The duty given to her directly by the UN Security Council is to “act as a mechanism of early warning … by bringing to their attention potential situations that could result in genocide.”

The sound of silence

The UN Office on Genocide Prevention, which Nderitu heads, has ignored repeated requests for comment for this story – including about whether she is even collecting data about what is happening in Gaza, as her mandate requires.

While Nderitu has kept her silence about Israeli genocide in Gaza, her office “has issued warnings on the rights of Armenian refugees to return, on the heightened risk of genocide and atrocity crimes in Tigray, Amhara, Afar, Oromi and on the risk of genocide in Darfur, Sudan,” the Palestinian rights groups observe.

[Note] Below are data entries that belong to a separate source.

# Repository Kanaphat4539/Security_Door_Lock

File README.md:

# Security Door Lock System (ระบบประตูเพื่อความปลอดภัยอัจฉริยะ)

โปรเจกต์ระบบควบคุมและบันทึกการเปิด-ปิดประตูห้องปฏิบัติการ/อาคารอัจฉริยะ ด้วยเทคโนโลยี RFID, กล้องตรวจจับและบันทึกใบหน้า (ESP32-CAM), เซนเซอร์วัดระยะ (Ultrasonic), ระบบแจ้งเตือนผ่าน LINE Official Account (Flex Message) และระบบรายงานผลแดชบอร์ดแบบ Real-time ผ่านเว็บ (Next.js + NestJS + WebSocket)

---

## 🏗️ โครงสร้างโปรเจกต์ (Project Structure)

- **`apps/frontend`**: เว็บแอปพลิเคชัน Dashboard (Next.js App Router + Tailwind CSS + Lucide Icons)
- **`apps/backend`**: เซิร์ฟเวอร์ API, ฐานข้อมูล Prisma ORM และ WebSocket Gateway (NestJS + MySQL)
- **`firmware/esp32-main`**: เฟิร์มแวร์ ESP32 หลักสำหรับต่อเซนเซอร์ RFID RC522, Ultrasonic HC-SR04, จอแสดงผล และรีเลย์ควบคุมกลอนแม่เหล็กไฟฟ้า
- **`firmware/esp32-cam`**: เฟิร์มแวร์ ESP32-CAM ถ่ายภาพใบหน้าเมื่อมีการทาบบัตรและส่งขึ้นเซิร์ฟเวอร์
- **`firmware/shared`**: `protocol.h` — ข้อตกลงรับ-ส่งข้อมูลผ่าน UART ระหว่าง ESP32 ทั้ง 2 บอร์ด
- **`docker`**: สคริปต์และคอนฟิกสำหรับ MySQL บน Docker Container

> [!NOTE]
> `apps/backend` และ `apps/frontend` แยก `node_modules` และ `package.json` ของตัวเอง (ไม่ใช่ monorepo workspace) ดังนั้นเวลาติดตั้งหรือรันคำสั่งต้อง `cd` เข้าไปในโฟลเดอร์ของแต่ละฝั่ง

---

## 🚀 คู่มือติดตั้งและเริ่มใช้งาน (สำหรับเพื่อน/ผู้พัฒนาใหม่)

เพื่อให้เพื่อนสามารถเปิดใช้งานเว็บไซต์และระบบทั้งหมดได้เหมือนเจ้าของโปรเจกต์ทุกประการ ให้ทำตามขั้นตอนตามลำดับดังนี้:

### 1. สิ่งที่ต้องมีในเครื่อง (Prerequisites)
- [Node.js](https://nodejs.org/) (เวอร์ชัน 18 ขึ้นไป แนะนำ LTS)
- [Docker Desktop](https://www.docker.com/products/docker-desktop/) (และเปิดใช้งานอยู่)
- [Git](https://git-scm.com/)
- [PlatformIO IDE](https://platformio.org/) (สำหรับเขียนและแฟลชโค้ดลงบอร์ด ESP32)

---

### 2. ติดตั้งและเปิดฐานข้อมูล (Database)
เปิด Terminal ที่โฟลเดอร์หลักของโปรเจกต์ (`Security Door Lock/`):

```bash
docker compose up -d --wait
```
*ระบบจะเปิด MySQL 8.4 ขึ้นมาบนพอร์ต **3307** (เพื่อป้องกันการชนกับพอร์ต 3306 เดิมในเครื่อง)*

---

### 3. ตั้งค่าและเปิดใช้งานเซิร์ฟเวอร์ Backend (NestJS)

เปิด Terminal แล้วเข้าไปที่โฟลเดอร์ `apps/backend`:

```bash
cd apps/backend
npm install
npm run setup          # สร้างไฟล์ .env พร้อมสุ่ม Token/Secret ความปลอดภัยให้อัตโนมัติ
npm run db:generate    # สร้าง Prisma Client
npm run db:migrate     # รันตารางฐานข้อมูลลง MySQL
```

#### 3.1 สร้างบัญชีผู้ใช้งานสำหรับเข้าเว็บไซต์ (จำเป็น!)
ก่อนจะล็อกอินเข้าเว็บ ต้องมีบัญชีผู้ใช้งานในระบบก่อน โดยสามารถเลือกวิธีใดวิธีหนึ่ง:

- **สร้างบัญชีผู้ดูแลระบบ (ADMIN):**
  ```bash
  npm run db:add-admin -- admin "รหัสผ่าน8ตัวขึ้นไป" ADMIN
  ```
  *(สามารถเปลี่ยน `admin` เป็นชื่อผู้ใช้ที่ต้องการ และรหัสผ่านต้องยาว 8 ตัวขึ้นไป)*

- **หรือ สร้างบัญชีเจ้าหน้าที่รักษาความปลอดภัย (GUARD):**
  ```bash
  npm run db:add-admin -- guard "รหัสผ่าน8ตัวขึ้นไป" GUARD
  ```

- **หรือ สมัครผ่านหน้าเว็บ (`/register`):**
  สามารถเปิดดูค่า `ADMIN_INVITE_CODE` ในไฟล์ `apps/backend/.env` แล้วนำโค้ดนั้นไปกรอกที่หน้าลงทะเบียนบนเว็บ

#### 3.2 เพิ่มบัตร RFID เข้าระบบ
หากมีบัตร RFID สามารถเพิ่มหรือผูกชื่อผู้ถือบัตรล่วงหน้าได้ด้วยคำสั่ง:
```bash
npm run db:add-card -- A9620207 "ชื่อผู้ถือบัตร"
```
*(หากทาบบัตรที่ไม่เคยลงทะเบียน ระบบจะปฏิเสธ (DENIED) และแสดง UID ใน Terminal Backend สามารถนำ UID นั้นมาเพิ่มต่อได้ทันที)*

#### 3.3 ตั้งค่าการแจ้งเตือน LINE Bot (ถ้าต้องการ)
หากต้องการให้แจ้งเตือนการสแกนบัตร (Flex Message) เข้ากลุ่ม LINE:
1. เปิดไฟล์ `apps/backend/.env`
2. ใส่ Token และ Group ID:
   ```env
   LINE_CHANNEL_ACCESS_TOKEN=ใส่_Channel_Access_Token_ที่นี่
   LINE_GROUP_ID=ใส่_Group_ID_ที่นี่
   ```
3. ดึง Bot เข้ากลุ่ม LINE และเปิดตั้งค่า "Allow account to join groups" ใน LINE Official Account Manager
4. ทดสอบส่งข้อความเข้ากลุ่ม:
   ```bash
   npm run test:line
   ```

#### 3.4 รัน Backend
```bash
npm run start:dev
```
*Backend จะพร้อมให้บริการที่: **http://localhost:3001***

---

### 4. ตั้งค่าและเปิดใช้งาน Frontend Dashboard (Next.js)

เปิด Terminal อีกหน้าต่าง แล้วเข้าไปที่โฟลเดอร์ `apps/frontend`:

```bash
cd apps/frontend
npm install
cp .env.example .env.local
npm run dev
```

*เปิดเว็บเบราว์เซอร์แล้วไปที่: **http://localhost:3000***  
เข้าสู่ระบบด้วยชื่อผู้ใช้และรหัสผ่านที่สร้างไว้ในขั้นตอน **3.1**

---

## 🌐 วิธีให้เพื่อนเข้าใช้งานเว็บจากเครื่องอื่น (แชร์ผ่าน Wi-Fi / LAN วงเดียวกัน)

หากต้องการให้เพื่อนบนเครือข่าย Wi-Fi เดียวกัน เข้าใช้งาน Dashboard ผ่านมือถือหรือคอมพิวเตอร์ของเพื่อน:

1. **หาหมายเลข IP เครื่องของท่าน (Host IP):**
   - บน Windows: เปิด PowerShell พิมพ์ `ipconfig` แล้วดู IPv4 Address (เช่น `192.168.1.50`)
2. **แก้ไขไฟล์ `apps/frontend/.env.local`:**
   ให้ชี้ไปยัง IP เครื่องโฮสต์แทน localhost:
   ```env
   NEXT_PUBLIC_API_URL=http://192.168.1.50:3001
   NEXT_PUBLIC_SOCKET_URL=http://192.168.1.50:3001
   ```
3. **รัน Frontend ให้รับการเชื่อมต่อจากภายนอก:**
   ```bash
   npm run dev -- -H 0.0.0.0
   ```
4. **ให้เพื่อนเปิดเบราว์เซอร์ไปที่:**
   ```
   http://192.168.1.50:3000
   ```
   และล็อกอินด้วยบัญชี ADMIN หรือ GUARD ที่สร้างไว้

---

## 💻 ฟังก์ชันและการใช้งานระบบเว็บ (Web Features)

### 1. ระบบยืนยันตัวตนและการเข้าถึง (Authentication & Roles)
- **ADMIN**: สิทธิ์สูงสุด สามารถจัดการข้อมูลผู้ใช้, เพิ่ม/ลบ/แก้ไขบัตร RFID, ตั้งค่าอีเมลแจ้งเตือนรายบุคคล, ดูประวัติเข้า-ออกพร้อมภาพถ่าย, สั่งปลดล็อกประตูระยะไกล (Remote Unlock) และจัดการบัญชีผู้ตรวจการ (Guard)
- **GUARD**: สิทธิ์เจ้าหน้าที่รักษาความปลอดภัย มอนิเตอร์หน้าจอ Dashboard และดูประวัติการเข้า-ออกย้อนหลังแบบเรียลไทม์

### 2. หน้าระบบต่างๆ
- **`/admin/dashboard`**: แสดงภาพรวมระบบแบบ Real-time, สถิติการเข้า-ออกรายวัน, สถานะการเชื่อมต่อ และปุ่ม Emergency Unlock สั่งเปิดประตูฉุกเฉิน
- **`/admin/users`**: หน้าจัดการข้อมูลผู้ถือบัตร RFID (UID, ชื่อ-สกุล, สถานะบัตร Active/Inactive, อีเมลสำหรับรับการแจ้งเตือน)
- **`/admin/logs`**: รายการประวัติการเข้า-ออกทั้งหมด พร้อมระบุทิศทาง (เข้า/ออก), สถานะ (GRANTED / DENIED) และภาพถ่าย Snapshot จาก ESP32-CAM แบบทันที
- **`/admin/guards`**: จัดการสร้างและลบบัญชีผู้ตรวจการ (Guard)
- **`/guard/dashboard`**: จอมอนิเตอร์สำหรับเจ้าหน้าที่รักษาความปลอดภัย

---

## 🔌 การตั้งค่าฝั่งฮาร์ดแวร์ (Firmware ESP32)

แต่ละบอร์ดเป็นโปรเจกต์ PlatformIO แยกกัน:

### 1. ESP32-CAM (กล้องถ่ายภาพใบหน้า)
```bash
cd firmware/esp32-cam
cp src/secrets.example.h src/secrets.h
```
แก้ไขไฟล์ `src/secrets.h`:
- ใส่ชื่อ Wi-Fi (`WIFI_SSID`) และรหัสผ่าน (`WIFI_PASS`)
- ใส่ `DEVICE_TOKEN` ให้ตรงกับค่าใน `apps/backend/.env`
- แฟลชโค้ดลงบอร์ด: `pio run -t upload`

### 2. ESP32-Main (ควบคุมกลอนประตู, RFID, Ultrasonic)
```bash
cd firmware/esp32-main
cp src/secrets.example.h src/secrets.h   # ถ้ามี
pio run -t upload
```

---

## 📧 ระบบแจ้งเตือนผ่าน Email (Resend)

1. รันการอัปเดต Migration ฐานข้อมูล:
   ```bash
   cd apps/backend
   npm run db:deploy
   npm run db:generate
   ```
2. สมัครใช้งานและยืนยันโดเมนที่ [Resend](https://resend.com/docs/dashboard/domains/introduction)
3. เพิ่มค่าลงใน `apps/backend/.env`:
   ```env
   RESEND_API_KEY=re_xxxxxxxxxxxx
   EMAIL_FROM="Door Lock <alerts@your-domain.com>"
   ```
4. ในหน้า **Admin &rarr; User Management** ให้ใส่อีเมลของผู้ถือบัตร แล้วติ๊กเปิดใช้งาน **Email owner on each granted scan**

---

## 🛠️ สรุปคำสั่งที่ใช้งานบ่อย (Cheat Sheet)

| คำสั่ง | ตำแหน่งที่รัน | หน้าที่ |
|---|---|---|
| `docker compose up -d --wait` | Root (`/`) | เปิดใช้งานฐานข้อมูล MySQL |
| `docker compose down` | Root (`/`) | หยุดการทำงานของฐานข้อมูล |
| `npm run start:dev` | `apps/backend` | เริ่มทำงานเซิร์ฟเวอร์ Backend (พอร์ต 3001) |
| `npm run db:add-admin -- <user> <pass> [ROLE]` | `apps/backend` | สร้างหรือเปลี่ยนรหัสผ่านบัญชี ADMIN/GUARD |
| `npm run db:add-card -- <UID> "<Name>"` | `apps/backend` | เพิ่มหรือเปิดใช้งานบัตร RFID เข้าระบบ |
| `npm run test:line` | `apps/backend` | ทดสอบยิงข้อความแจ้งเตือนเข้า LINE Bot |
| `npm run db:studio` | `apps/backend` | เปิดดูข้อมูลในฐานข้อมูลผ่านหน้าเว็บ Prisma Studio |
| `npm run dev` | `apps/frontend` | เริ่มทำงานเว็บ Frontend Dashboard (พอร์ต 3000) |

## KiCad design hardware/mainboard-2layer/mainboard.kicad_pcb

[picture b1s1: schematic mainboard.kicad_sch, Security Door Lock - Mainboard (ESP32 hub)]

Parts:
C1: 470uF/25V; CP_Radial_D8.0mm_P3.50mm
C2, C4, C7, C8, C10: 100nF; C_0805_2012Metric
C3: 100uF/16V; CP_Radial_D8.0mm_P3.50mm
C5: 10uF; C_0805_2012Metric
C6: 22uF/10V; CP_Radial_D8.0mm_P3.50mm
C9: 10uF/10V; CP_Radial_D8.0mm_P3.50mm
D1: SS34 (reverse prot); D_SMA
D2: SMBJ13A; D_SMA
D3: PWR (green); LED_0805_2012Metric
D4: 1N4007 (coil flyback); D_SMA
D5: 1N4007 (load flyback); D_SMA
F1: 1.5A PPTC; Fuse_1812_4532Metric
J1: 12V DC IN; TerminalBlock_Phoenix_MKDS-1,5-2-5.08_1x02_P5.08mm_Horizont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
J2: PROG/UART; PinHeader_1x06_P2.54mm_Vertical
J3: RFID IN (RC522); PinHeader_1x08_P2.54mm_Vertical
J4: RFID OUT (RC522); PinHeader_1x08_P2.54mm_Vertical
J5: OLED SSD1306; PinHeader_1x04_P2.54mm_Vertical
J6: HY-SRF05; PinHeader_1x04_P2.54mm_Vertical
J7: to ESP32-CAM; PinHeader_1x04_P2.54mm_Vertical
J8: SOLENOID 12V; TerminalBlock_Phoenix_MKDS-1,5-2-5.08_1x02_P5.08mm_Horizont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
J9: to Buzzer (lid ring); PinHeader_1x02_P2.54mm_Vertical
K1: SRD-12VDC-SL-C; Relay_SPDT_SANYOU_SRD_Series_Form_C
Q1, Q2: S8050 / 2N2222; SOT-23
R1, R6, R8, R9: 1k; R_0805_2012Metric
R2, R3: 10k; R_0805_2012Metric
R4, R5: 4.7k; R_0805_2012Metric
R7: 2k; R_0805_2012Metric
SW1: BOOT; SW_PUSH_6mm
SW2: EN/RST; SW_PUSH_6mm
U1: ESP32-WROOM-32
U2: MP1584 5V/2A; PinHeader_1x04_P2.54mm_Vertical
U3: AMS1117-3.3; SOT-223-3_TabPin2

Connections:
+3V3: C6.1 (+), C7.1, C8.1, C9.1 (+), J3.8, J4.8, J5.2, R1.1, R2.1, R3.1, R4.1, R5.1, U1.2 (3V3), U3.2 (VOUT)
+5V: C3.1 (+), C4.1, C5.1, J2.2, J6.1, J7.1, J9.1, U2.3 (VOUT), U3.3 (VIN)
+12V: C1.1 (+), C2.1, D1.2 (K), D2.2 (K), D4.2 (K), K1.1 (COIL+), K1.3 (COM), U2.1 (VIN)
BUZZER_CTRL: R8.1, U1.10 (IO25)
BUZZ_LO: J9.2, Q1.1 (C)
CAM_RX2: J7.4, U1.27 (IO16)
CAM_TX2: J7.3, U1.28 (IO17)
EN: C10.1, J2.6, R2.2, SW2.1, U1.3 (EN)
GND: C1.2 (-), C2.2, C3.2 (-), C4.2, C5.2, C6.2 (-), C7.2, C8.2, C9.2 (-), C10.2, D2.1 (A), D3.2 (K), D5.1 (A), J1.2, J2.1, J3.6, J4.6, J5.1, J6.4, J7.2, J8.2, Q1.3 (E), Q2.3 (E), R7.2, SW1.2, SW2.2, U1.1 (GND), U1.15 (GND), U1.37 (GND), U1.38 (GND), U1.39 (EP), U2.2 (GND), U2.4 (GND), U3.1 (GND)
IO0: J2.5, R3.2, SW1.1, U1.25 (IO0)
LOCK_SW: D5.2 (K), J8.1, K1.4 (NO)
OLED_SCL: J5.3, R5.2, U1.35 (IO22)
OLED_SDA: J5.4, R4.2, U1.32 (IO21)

Saturday was the International Day of Commemoration and Dignity of the Victims of the Crime of Genocide, which the United Nations marks annually on 9 December.

The occasion also marked the 75th anniversary of the 1948 Convention on the Prevention and Punishment of the Crime of Genocide.

Any country that has ratified the treaty has the right and responsibility to invoke the genocide convention and bring another state suspected of genocide to the International Court of Justice and other UN bodies.

This procedure would at least raise the matter to the top of the global agenda and help increase pressure on Israel to stop the slaughter.

But so far, as journalist Sam Husseini observes, no government has done so.

That abrogation of responsibility makes it even more urgent that Nderitu sound the alarm, as her mandate requires.

But last Friday, Nderitu organized a ceremony at UN headquarters to mark the annual commemoration for victims of genocide.

It began with a moment of silence. More silence is exactly not what Palestinians in Gaza need.